Instructions to follow: Your answer must be every record below, written out exactly as it appears.

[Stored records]
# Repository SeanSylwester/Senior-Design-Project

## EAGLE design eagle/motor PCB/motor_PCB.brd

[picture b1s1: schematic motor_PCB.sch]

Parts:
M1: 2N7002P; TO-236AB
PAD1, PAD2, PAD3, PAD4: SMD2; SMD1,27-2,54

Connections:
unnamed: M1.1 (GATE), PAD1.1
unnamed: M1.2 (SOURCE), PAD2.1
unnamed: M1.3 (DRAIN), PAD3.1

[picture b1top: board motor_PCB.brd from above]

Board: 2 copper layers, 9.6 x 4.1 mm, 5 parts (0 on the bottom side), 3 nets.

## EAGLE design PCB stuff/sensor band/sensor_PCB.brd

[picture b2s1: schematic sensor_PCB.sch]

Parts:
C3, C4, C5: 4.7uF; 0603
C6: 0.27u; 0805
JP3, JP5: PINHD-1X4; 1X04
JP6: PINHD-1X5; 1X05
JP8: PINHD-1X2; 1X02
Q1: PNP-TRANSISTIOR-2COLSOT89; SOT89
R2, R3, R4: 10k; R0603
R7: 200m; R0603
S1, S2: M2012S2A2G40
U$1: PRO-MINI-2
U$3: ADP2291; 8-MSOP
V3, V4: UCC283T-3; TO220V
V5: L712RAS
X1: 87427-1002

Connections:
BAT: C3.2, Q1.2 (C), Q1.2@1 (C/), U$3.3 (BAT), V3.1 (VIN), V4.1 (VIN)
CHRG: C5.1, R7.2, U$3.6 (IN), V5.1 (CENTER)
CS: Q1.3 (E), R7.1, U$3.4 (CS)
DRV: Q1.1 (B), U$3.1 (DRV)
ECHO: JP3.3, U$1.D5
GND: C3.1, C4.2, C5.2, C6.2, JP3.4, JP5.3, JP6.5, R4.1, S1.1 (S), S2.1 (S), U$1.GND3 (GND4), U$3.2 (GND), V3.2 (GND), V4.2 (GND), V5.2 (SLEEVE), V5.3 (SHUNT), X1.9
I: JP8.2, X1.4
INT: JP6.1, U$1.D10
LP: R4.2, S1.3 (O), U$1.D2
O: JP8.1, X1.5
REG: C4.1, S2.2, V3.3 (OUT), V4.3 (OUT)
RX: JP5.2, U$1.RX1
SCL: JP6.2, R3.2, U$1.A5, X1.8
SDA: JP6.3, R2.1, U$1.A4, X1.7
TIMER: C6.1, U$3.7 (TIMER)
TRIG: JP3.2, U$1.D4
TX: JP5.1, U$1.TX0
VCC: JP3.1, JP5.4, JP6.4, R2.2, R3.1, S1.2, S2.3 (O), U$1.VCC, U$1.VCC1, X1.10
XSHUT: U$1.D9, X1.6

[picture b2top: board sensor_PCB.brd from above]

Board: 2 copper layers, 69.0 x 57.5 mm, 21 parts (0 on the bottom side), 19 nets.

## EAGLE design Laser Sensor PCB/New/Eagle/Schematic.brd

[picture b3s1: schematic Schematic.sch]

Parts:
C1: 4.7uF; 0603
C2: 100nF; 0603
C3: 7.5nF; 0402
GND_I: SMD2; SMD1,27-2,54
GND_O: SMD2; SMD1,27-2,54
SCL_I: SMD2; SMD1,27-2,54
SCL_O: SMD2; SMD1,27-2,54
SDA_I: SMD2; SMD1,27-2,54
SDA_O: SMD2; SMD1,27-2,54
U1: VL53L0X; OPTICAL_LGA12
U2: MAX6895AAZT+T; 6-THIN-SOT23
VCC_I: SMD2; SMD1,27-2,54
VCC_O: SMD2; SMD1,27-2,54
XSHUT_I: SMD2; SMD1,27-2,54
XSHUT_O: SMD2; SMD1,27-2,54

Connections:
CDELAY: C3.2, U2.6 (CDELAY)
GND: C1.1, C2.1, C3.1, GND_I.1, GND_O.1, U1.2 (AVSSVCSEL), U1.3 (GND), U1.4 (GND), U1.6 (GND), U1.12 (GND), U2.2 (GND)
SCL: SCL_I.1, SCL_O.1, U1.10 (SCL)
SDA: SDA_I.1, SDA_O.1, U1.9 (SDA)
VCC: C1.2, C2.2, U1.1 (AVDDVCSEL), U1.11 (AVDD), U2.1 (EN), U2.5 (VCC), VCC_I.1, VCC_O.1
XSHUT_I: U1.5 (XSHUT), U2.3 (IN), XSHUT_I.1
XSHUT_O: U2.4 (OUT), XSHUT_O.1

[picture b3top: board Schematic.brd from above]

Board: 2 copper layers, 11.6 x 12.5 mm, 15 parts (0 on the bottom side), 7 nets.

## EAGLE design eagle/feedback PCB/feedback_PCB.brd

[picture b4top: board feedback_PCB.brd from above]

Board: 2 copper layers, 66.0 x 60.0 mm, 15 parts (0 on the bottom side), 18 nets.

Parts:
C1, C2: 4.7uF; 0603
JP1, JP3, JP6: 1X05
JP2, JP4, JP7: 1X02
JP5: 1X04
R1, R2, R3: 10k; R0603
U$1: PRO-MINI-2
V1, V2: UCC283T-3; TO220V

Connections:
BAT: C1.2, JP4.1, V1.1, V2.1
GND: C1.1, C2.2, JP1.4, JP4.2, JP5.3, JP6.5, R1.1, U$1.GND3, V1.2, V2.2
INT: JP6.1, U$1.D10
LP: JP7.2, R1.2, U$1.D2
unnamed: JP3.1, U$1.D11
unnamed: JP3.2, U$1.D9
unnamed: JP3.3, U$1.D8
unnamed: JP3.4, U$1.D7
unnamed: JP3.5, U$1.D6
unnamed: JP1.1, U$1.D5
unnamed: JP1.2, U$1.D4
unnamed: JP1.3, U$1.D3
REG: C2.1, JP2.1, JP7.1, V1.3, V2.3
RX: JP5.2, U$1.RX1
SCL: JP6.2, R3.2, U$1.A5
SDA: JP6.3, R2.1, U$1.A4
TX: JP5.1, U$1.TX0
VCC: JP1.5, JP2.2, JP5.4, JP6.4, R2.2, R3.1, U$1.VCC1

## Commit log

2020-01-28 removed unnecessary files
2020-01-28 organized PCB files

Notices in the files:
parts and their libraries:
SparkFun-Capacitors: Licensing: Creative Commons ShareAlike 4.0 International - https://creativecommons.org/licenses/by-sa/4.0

Output for this exercise:
# Repository SeanSylwester/Senior-Design-Project

## EAGLE design eagle/motor PCB/motor_PCB.brd

[picture b1s1: schematic motor_PCB.sch]

Parts:
M1: 2N7002P; TO-236AB
PAD1, PAD2, PAD3, PAD4: SMD2; SMD1,27-2,54

Connections:
unnamed: M1.1 (GATE), PAD1.1
unnamed: M1.2 (SOURCE), PAD2.1
unnamed: M1.3 (DRAIN), PAD3.1

[picture b1top: board motor_PCB.brd from above]

Board: 2 copper layers, 9.6 x 4.1 mm, 5 parts (0 on the bottom side), 3 nets.

## EAGLE design PCB stuff/sensor band/sensor_PCB.brd

[picture b2s1: schematic sensor_PCB.sch]

Parts:
C3, C4, C5: 4.7uF; 0603
C6: 0.27u; 0805
JP3, JP5: PINHD-1X4; 1X04
JP6: PINHD-1X5; 1X05
JP8: PINHD-1X2; 1X02
Q1: PNP-TRANSISTIOR-2COLSOT89; SOT89
R2, R3, R4: 10k; R0603
R7: 200m; R0603
S1, S2: M2012S2A2G40
U$1: PRO-MINI-2
U$3: ADP2291; 8-MSOP
V3, V4: UCC283T-3; TO220V
V5: L712RAS
X1: 87427-1002

Connections:
BAT: C3.2, Q1.2 (C), Q1.2@1 (C/), U$3.3 (BAT), V3.1 (VIN), V4.1 (VIN)
CHRG: C5.1, R7.2, U$3.6 (IN), V5.1 (CENTER)
CS: Q1.3 (E), R7.1, U$3.4 (CS)
DRV: Q1.1 (B), U$3.1 (DRV)
ECHO: JP3.3, U$1.D5
GND: C3.1, C4.2, C5.2, C6.2, JP3.4, JP5.3, JP6.5, R4.1, S1.1 (S), S2.1 (S), U$1.GND3 (GND4), U$3.2 (GND), V3.2 (GND), V4.2 (GND), V5.2 (SLEEVE), V5.3 (SHUNT), X1.9
I: JP8.2, X1.4
INT: JP6.1, U$1.D10
LP: R4.2, S1.3 (O), U$1.D2
O: JP8.1, X1.5
REG: C4.1, S2.2, V3.3 (OUT), V4.3 (OUT)
RX: JP5.2, U$1.RX1
SCL: JP6.2, R3.2, U$1.A5, X1.8
SDA: JP6.3, R2.1, U$1.A4, X1.7
TIMER: C6.1, U$3.7 (TIMER)
TRIG: JP3.2, U$1.D4
TX: JP5.1, U$1.TX0
VCC: JP3.1, JP5.4, JP6.4, R2.2, R3.1, S1.2, S2.3 (O), U$1.VCC, U$1.VCC1, X1.10
XSHUT: U$1.D9, X1.6

[picture b2top: board sensor_PCB.brd from above]

Board: 2 copper layers, 69.0 x 57.5 mm, 21 parts (0 on the bottom side), 19 nets.

## EAGLE design Laser Sensor PCB/New/Eagle/Schematic.brd

[picture b3s1: schematic Schematic.sch]

Parts:
C1: 4.7uF; 0603
C2: 100nF; 0603
C3: 7.5nF; 0402
GND_I: SMD2; SMD1,27-2,54
GND_O: SMD2; SMD1,27-2,54
SCL_I: SMD2; SMD1,27-2,54
SCL_O: SMD2; SMD1,27-2,54
SDA_I: SMD2; SMD1,27-2,54
SDA_O: SMD2; SMD1,27-2,54
U1: VL53L0X; OPTICAL_LGA12
U2: MAX6895AAZT+T; 6-THIN-SOT23
VCC_I: SMD2; SMD1,27-2,54
VCC_O: SMD2; SMD1,27-2,54
XSHUT_I: SMD2; SMD1,27-2,54
XSHUT_O: SMD2; SMD1,27-2,54

Connections:
CDELAY: C3.2, U2.6 (CDELAY)
GND: C1.1, C2.1, C3.1, GND_I.1, GND_O.1, U1.2 (AVSSVCSEL), U1.3 (GND), U1.4 (GND), U1.6 (GND), U1.12 (GND), U2.2 (GND)
SCL: SCL_I.1, SCL_O.1, U1.10 (SCL)
SDA: SDA_I.1, SDA_O.1, U1.9 (SDA)
VCC: C1.2, C2.2, U1.1 (AVDDVCSEL), U1.11 (AVDD), U2.1 (EN), U2.5 (VCC), VCC_I.1, VCC_O.1
XSHUT_I: U1.5 (XSHUT), U2.3 (IN), XSHUT_I.1
XSHUT_O: U2.4 (OUT), XSHUT_O.1

[picture b3top: board Schematic.brd from above]

Board: 2 copper layers, 11.6 x 12.5 mm, 15 parts (0 on the bottom side), 7 nets.

## EAGLE design eagle/feedback PCB/feedback_PCB.brd

[picture b4top: board feedback_PCB.brd from above]

Board: 2 copper layers, 66.0 x 60.0 mm, 15 parts (0 on the bottom side), 18 nets.

Parts:
C1, C2: 4.7uF; 0603
JP1, JP3, JP6: 1X05
JP2, JP4, JP7: 1X02
JP5: 1X04
R1, R2, R3: 10k; R0603
U$1: PRO-MINI-2
V1, V2: UCC283T-3; TO220V

Connections:
BAT: C1.2, JP4.1, V1.1, V2.1
GND: C1.1, C2.2, JP1.4, JP4.2, JP5.3, JP6.5, R1.1, U$1.GND3, V1.2, V2.2
INT: JP6.1, U$1.D10
LP: JP7.2, R1.2, U$1.D2
unnamed: JP3.1, U$1.D11
unnamed: JP3.2, U$1.D9
unnamed: JP3.3, U$1.D8
unnamed: JP3.4, U$1.D7
unnamed: JP3.5, U$1.D6
unnamed: JP1.1, U$1.D5
unnamed: JP1.2, U$1.D4
unnamed: JP1.3, U$1.D3
REG: C2.1, JP2.1, JP7.1, V1.3, V2.3
RX: JP5.2, U$1.RX1
SCL: JP6.2, R3.2, U$1.A5
SDA: JP6.3, R2.1, U$1.A4
TX: JP5.1, U$1.TX0
VCC: JP1.5, JP2.2, JP5.4, JP6.4, R2.2, R3.1, U$1.VCC1

## Commit log

2020-01-28 removed unnecessary files
2020-01-28 organized PCB files

Notices in the files:
parts and their libraries:
SparkFun-Capacitors: Licensing: Creative Commons ShareAlike 4.0 International - https://creativecommons.org/licenses/by-sa/4.0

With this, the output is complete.